De_Snoekbaars schrieb:


> Ich hatte jetzt mal ausreichend Zeit alles zu testen
> Hier nur mal zur Info für die, die unsicher sind ob oder welches Akku ausreicht
> Ich fahre an einem fahrfertigen 600 KG und 470 cm Aluboot einen Haswing Cayman 55 mit 70 Ah Hi-C 4 s LifePo Akku
> Akkuverbrauch liegt pro Stunde Fahrzeit  im gemischten Betrieb bei ca. 10%
> Mit reinem E-Antrieb schafft mein Boot bei windstillen Verhältnissen auf dem See 5,5 Km/h, gegen die Strömung der Maas immer noch 3,5 Km/h


Wollte mir gerade eben auch den 55AH für mein endura c2 40lbs bestellen aber die haben kein Ladegerät mehr an Lager. Muss da  am Montag mal anrufen.


----------



## De_Snoekbaars (26. Juni 2021)

trawar schrieb:


> Wollte mir gerade eben auch den 55AH für mein endura c2 40lbs bestellen aber die haben kein Ladegerät mehr an Lager. Muss da  am Montag mal anrufen.

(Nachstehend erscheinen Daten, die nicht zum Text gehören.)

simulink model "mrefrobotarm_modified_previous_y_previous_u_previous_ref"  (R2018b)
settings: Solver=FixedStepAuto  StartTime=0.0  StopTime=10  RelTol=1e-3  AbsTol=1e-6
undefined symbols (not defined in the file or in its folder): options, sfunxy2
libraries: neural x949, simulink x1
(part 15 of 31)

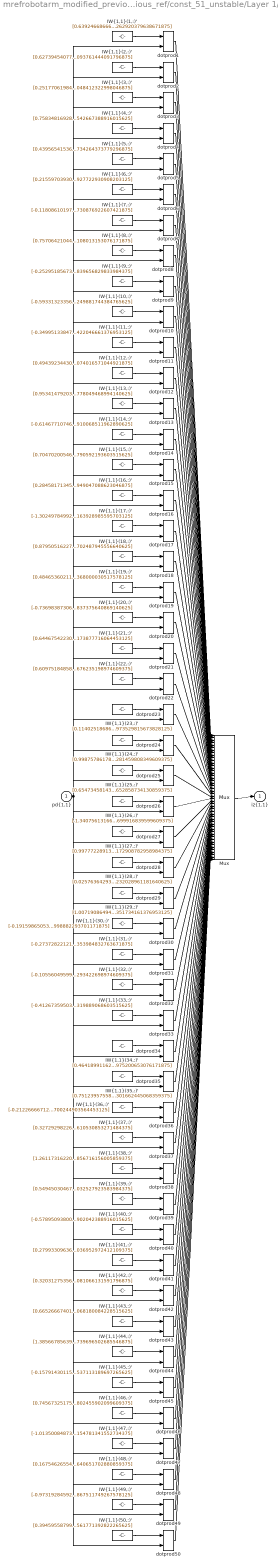
== system mrefrobotarm_modified_previous_y_previous_u_previous_ref/const_51_unstable/Layer 1/IW{1,1} ==
  "pd{1,1}" : Inport  PortDimensions=10
      mask Display: e = 0.06;c1 = [120 230 180]/255;c2 = ([120 230 180]+0)/(256+128);c3 = ([120 230 180]+128)/(256+128);patch([0 1 1 0],[0 0 1 1],c1);patch([0 1 1 1-e 1-e 0+e],[0 0 1 1-e 0+e 0+e],c2);patch([0 0 1 1-e 0+e 0+e],[0 1 1 1-e 1-e 0+e],c3);plot([0 1 1 0 0],[0 0 1 1 0]);
  "IW{1,1}(1,:)'" : Constant  Value=[0.63924668666616246692768754655844531953334808349609375;0.6942047904100672184313225443474948406219482421875;0.62567328865484228561655299927224405109882354736328125;0.261371173254488609050127934096963144838809967041015625;-0.177662377791001635518597367990878410637378692626953125;-0.8287859344063581712447330573922954499721527099609375;0.352973927789879848848642041048151440918445587158203125;0.2586532549009732395717264807899482548236846923828125;0.25408612949347031406688302013208158314228057861328125;-0.98861951008364001847183999416301958262920379638671875]
      mask Display: e = 0.06;c1 = [120 150 230]/255;c2 = ([120 150 230]+0)/383;c3 = ([120 150 230]+128)/383;patch([0 1 1 0],[0 0 1 1],c1);patch([0 1 1 1-e 1-e 0+e],[0 0 1 1-e 0+e 0+e],c2);patch([0 0 1 1-e 0+e 0+e],[0 1 1 1-e 1-e 0+e],c3);plot([0 1 1 0 0],[0 0 1 1 0]);disp('Weights');
  "IW{1,1}(10,:)'" : Constant  Value=[-0.59331323356992948792054676232510246336460113525390625;0.7977697325770243264031478247488848865032196044921875;-0.386101063294460644659267245515366084873676300048828125;-0.089448974061199615359640802125795744359493255615234375;0.50551080428874650696258186144405044615268707275390625;1.28460159328148382229528579046018421649932861328125;-1.051667369853578559713014328735880553722381591796875;-0.3071981244127155452616761976969428360462188720703125;-0.145228187797881769238728111304226331412792205810546875;0.416816636720638789004311774988309480249881744384765625]
      mask Display: e = 0.06;c1 = [120 150 230]/255;c2 = ([120 150 230]+0)/383;c3 = ([120 150 230]+128)/383;patch([0 1 1 0],[0 0 1 1],c1);patch([0 1 1 1-e 1-e 0+e],[0 0 1 1-e 0+e 0+e],c2);patch([0 0 1 1-e 0+e 0+e],[0 1 1 1-e 1-e 0+e],c3);plot([0 1 1 0 0],[0 0 1 1 0]);disp('Weights');
  "IW{1,1}(11,:)'" : Constant  Value=[-0.3499513384700432272467196526122279465198516845703125;-0.8005402749156467212543475397978909313678741455078125;-0.406764093260752357394949285662733018398284912109375;0.376972184217993555588321896721026860177516937255859375;-0.55931023341791130665257014697999693453311920166015625;-0.263639868612703442973810297189629636704921722412109375;-0.8852424690401410334317233719048090279102325439453125;0.51134822194627427283109000200056470930576324462890625;0.81875181176692046758347487411811016499996185302734375;0.45777739158591945756171526227262802422046661376953125]
      mask Display: e = 0.06;c1 = [120 150 230]/255;c2 = ([120 150 230]+0)/383;c3 = ([120 150 230]+128)/383;patch([0 1 1 0],[0 0 1 1],c1);patch([0 1 1 1-e 1-e 0+e],[0 0 1 1-e 0+e 0+e],c2);patch([0 0 1 1-e 0+e 0+e],[0 1 1 1-e 1-e 0+e],c3);plot([0 1 1 0 0],[0 0 1 1 0]);disp('Weights');
  "IW{1,1}(12,:)'" : Constant  Value=[0.494392344304093567242119888760498724877834320068359375;-1.09077574447859060313703594147227704524993896484375;-0.266408320699227540995224217112991027534008026123046875;-0.65079124667000576298647729345248080790042877197265625;-0.443937679832130116519550711018382571637630462646484375;0.334628474247073259828511027080821804702281951904296875;-0.7130336086197643918893618319998495280742645263671875;-1.161922006909116067419063256238587200641632080078125;-0.7882646426815498319484731837292201817035675048828125;-0.2961987538115529172699780247057788074016571044921875]
      mask Display: e = 0.06;c1 = [120 150 230]/255;c2 = ([120 150 230]+0)/383;c3 = ([120 150 230]+128)/383;patch([0 1 1 0],[0 0 1 1],c1);patch([0 1 1 1-e 1-e 0+e],[0 0 1 1-e 0+e 0+e],c2);patch([0 0 1 1-e 0+e 0+e],[0 1 1 1-e 1-e 0+e],c3);plot([0 1 1 0 0],[0 0 1 1 0]);disp('Weights');
  "IW{1,1}(13,:)'" : Constant  Value=[0.95341479203810586273704075210844166576862335205078125;-0.8400060597329204181704653819906525313854217529296875;-0.7955112231704415393096496700309216976165771484375;0.9668516464493592810214295241166837513446807861328125;-0.59452250697652286870464877210906706750392913818359375;-0.8387872006048218143092753962264396250247955322265625;0.15730537243195630292547093631583265960216522216796875;0.01305569298102214094436934743725942098535597324371337890625;-0.0997248402186528271062826433990267105400562286376953125;-0.048607066451850290678127208821024396456778049468994140625]
      mask Display: e = 0.06;c1 = [120 150 230]/255;c2 = ([120 150 230]+0)/383;c3 = ([120 150 230]+128)/383;patch([0 1 1 0],[0 0 1 1],c1);patch([0 1 1 1-e 1-e 0+e],[0 0 1 1-e 0+e 0+e],c2);patch([0 0 1 1-e 0+e 0+e],[0 1 1 1-e 1-e 0+e],c3);plot([0 1 1 0 0],[0 0 1 1 0]);disp('Weights');
  "IW{1,1}(14,:)'" : Constant  Value=[-0.61467710746125892029567694407887756824493408203125;-0.74682779167762614047632041547331027686595916748046875;-0.473858474488004943747654351682285778224468231201171875;-0.95402929876217867910526138075510971248149871826171875;0.333174273926396036227259855877491645514965057373046875;-0.36303307199912338010250323350192047655582427978515625;0.81652223062918627416451045064604841172695159912109375;0.2424313956082983778639317051784018985927104949951171875;-0.79565150315721100415800037808367051184177398681640625;-0.5094853025869279239401521408581174910068511962890625]
      mask Display: e = 0.06;c1 = [120 150 230]/255;c2 = ([120 150 230]+0)/383;c3 = ([120 150 230]+128)/383;patch([0 1 1 0],[0 0 1 1],c1);patch([0 1 1 1-e 1-e 0+e],[0 0 1 1-e 0+e 0+e],c2);patch([0 0 1 1-e 0+e 0+e],[0 1 1 1-e 1-e 0+e],c3);plot([0 1 1 0 0],[0 0 1 1 0]);disp('Weights');
  "IW{1,1}(15,:)'" : Constant  Value=[0.70470200546815409126111262594349682331085205078125;0.9721504333185293500463330929051153361797332763671875;0.626300057389828079834614982246421277523040771484375;0.213189582099907293244456241154693998396396636962890625;0.6913359965783083538326536654494702816009521484375;-0.00295197046113919621401766590906845522113144397735595703125;-0.8625857589857603979766054180799983441829681396484375;0.59018061405102095751118440603022463619709014892578125;0.90924827447133338420570680682430975139141082763671875;0.85333254725311835642287405789829790592193603515625]
      mask Display: e = 0.06;c1 = [120 150 230]/255;c2 = ([120 150 230]+0)/383;c3 = ([120 150 230]+128)/383;patch([0 1 1 0],[0 0 1 1],c1);patch([0 1 1 1-e 1-e 0+e],[0 0 1 1-e 0+e 0+e],c2);patch([0 0 1 1-e 0+e 0+e],[0 1 1 1-e 1-e 0+e],c3);plot([0 1 1 0 0],[0 0 1 1 0]);disp('Weights');
  "IW{1,1}(16,:)'" : Constant  Value=[0.284581713458217089307566993738873861730098724365234375;-0.280621549126129188334033415230805985629558563232421875;-1.03564915596999451707915795850567519664764404296875;-0.07172317120460820760730058509579976089298725128173828125;0.39460759001793388467405065966886468231678009033203125;0.9190004709601919952177695449790917336940765380859375;0.75048181864749563541039378833374939858913421630859375;0.81573633636398434898495679590268991887569427490234375;-0.03591301039200699152242890477282344363629817962646484375;0.85062050036111880313427491273614577949047088623046875]
      mask Display: e = 0.06;c1 = [120 150 230]/255;c2 = ([120 150 230]+0)/383;c3 = ([120 150 230]+128)/383;patch([0 1 1 0],[0 0 1 1],c1);patch([0 1 1 1-e 1-e 0+e],[0 0 1 1-e 0+e 0+e],c2);patch([0 0 1 1-e 0+e 0+e],[0 1 1 1-e 1-e 0+e],c3);plot([0 1 1 0 0],[0 0 1 1 0]);disp('Weights');
  "IW{1,1}(17,:)'" : Constant  Value=[-1.3024978499248760499540367163717746734619140625;1.3419509605779460503782729574595578014850616455078125;-0.504540389310853765181263952399604022502899169921875;0.5007126364069047763649678017827682197093963623046875;-0.2241232702447646107923873159961658529937267303466796875;-0.682842349014617155944506521336734294891357421875;-0.59445267552896596807698870179592631757259368896484375;1.2325888373718640877996222116053104400634765625;-0.0831161952569162976178773760693729855120182037353515625;-0.565871713313782720433664508163928985595703125]
      mask Display: e = 0.06;c1 = [120 150 230]/255;c2 = ([120 150 230]+0)/383;c3 = ([120 150 230]+128)/383;patch([0 1 1 0],[0 0 1 1],c1);patch([0 1 1 1-e 1-e 0+e],[0 0 1 1-e 0+e 0+e],c2);patch([0 0 1 1-e 0+e 0+e],[0 1 1 1-e 1-e 0+e],c3);plot([0 1 1 0 0],[0 0 1 1 0]);disp('Weights');
  "IW{1,1}(18,:)'" : Constant  Value=[0.87950516227352704135000749374739825725555419921875;-1.1836890447335763898450977649190463125705718994140625;0.530743319631852283890793842147104442119598388671875;0.25272269822145509987620926040108315646648406982421875;0.3653029490932790945834085505339317023754119873046875;-0.3810355298209933128106285948888398706912994384765625;-0.64649896901114478620087311355746351182460784912109375;0.300211636084151523018448415314196608960628509521484375;-0.428387989166555904763100670606945641338825225830078125;0.1751370188022575435926597720026620663702487945556640625]
      mask Display: e = 0.06;c1 = [120 150 230]/255;c2 = ([120 150 230]+0)/383;c3 = ([120 150 230]+128)/383;patch([0 1 1 0],[0 0 1 1],c1);patch([0 1 1 1-e 1-e 0+e],[0 0 1 1-e 0+e 0+e],c2);patch([0 0 1 1-e 0+e 0+e],[0 1 1 1-e 1-e 0+e],c3);plot([0 1 1 0 0],[0 0 1 1 0]);disp('Weights');
  "IW{1,1}(19,:)'" : Constant  Value=[0.48465360211071384366476877403329126536846160888671875;-0.71564584780320006363041329677798785269260406494140625;-0.1134074702547006319175437738522305153310298919677734375;-0.38993116043481312882335032554692588746547698974609375;-0.6878127659446697794720648744259960949420928955078125;0.364118141393751260093125665662228129804134368896484375;0.472555272999996500704611435139668174088001251220703125;0.1810251256197520641766374183134757913649082183837890625;-0.86523040981986676367654354180558584630489349365234375;0.479601809228045461441780616951291449368000030517578125]
      mask Display: e = 0.06;c1 = [120 150 230]/255;c2 = ([120 150 230]+0)/383;c3 = ([120 150 230]+128)/383;patch([0 1 1 0],[0 0 1 1],c1);patch([0 1 1 1-e 1-e 0+e],[0 0 1 1-e 0+e 0+e],c2);patch([0 0 1 1-e 0+e 0+e],[0 1 1 1-e 1-e 0+e],c3);plot([0 1 1 0 0],[0 0 1 1 0]);disp('Weights');
  "IW{1,1}(2,:)'" : Constant  Value=[0.62739454077566769729656925846938975155353546142578125;0.76646187434358548085100437674554996192455291748046875;0.8709533037536247856991167282103560864925384521484375;-0.7335425158669657275112285788054578006267547607421875;-0.2353430122977316074628362230214406736195087432861328125;0.81640575167049933558161001201369799673557281494140625;0.72409700386967756902123483087052591145038604736328125;0.45266443098558573066014787400490604341030120849609375;0.1720296099524863675522823314167908392846584320068359375;-1.033946502245487675253343695658259093761444091796875]
      mask Display: e = 0.06;c1 = [120 150 230]/255;c2 = ([120 150 230]+0)/383;c3 = ([120 150 230]+128)/383;patch([0 1 1 0],[0 0 1 1],c1);patch([0 1 1 1-e 1-e 0+e],[0 0 1 1-e 0+e 0+e],c2);patch([0 0 1 1-e 0+e 0+e],[0 1 1 1-e 1-e 0+e],c3);plot([0 1 1 0 0],[0 0 1 1 0]);disp('Weights');
  "IW{1,1}(20,:)'" : Constant  Value=[-0.7369838730691868899924656943767331540584564208984375;-0.45128021209423885284905963999335654079914093017578125;0.84230940906155671310528987305588088929653167724609375;-0.13210537730959004409925228173960931599140167236328125;-0.0816075728062311822608165812198421917855739593505859375;-0.022981247943674322498086581845200271345674991607666015625;-0.41000811331266484582869225050671957433223724365234375;-0.77313035067709401371160993221565149724483489990234375;1.1472657437635669364084378685220144689083099365234375;0.65177088639075508869069608408608473837375640869140625]
      mask Display: e = 0.06;c1 = [120 150 230]/255;c2 = ([120 150 230]+0)/383;c3 = ([120 150 230]+128)/383;patch([0 1 1 0],[0 0 1 1],c1);patch([0 1 1 1-e 1-e 0+e],[0 0 1 1-e 0+e 0+e],c2);patch([0 0 1 1-e 0+e 0+e],[0 1 1 1-e 1-e 0+e],c3);plot([0 1 1 0 0],[0 0 1 1 0]);disp('Weights');
  "IW{1,1}(21,:)'" : Constant  Value=[0.64467542230901309086021910843555815517902374267578125;-0.365686964333162556339829052376444451510906219482421875;-1.1167429230065206713362613299977965652942657470703125;-0.28027872976577128394382043552468530833721160888671875;-1.15425342475938119690681560314260423183441162109375;0.00147963811568855956035672960524607333354651927947998046875;-0.58953701284011483796376751342904753983020782470703125;-0.8196672851852664365424061543308198451995849609375;0.5859115741298446256024590184097178280353546142578125;-0.232936107706306405606966336563345976173877716064453125]
      mask Display: e = 0.06;c1 = [120 150 230]/255;c2 = ([120 150 230]+0)/383;c3 = ([120 150 230]+128)/383;patch([0 1 1 0],[0 0 1 1],c1);patch([0 1 1 1-e 1-e 0+e],[0 0 1 1-e 0+e 0+e],c2);patch([0 0 1 1-e 0+e 0+e],[0 1 1 1-e 1-e 0+e],c3);plot([0 1 1 0 0],[0 0 1 1 0]);disp('Weights');
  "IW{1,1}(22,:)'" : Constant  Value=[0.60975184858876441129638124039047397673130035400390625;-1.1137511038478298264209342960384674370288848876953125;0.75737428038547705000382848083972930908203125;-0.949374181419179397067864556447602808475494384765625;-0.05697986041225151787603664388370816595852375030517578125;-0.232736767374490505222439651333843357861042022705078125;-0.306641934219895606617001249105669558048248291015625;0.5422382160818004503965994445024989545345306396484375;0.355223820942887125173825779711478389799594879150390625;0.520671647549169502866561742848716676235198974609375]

Deren Ladegeräte sind zu empfehlen, alleine schon von der Haptik kein Vergleich zu den üblichen Chinaladegeräten
Zumal der Lüfter auch nur halb so laut ist wie bei anderen Ladegeräten
Ich habe auch nur das kleine 10A, aber das reicht bei meinen 70 ah vollkommen aus um über Nacht mal eben zu laden


----------



## trawar (26. Juni 2021)

Ja genau das ist ja auch ausverkauft und 100€ für den 20amp ist mir zu viel


----------



## trawar (27. Juni 2021)

Ursprünglich wollte ich Akku+Lader bei Carplounge bestellen aber der Lader ist ja nun ausverkauft.
Somit brauche ich ein anderes, ideal wäre natürlich wenn ich eine stinknormale Autobatterie und eine AGM damit laden könnte.

Budget 100€ wenn der alles kann, sonst muss man mal schauen.

Könnt ihr mir da was emfehlen oder doch lieber zwei getrennte Lader?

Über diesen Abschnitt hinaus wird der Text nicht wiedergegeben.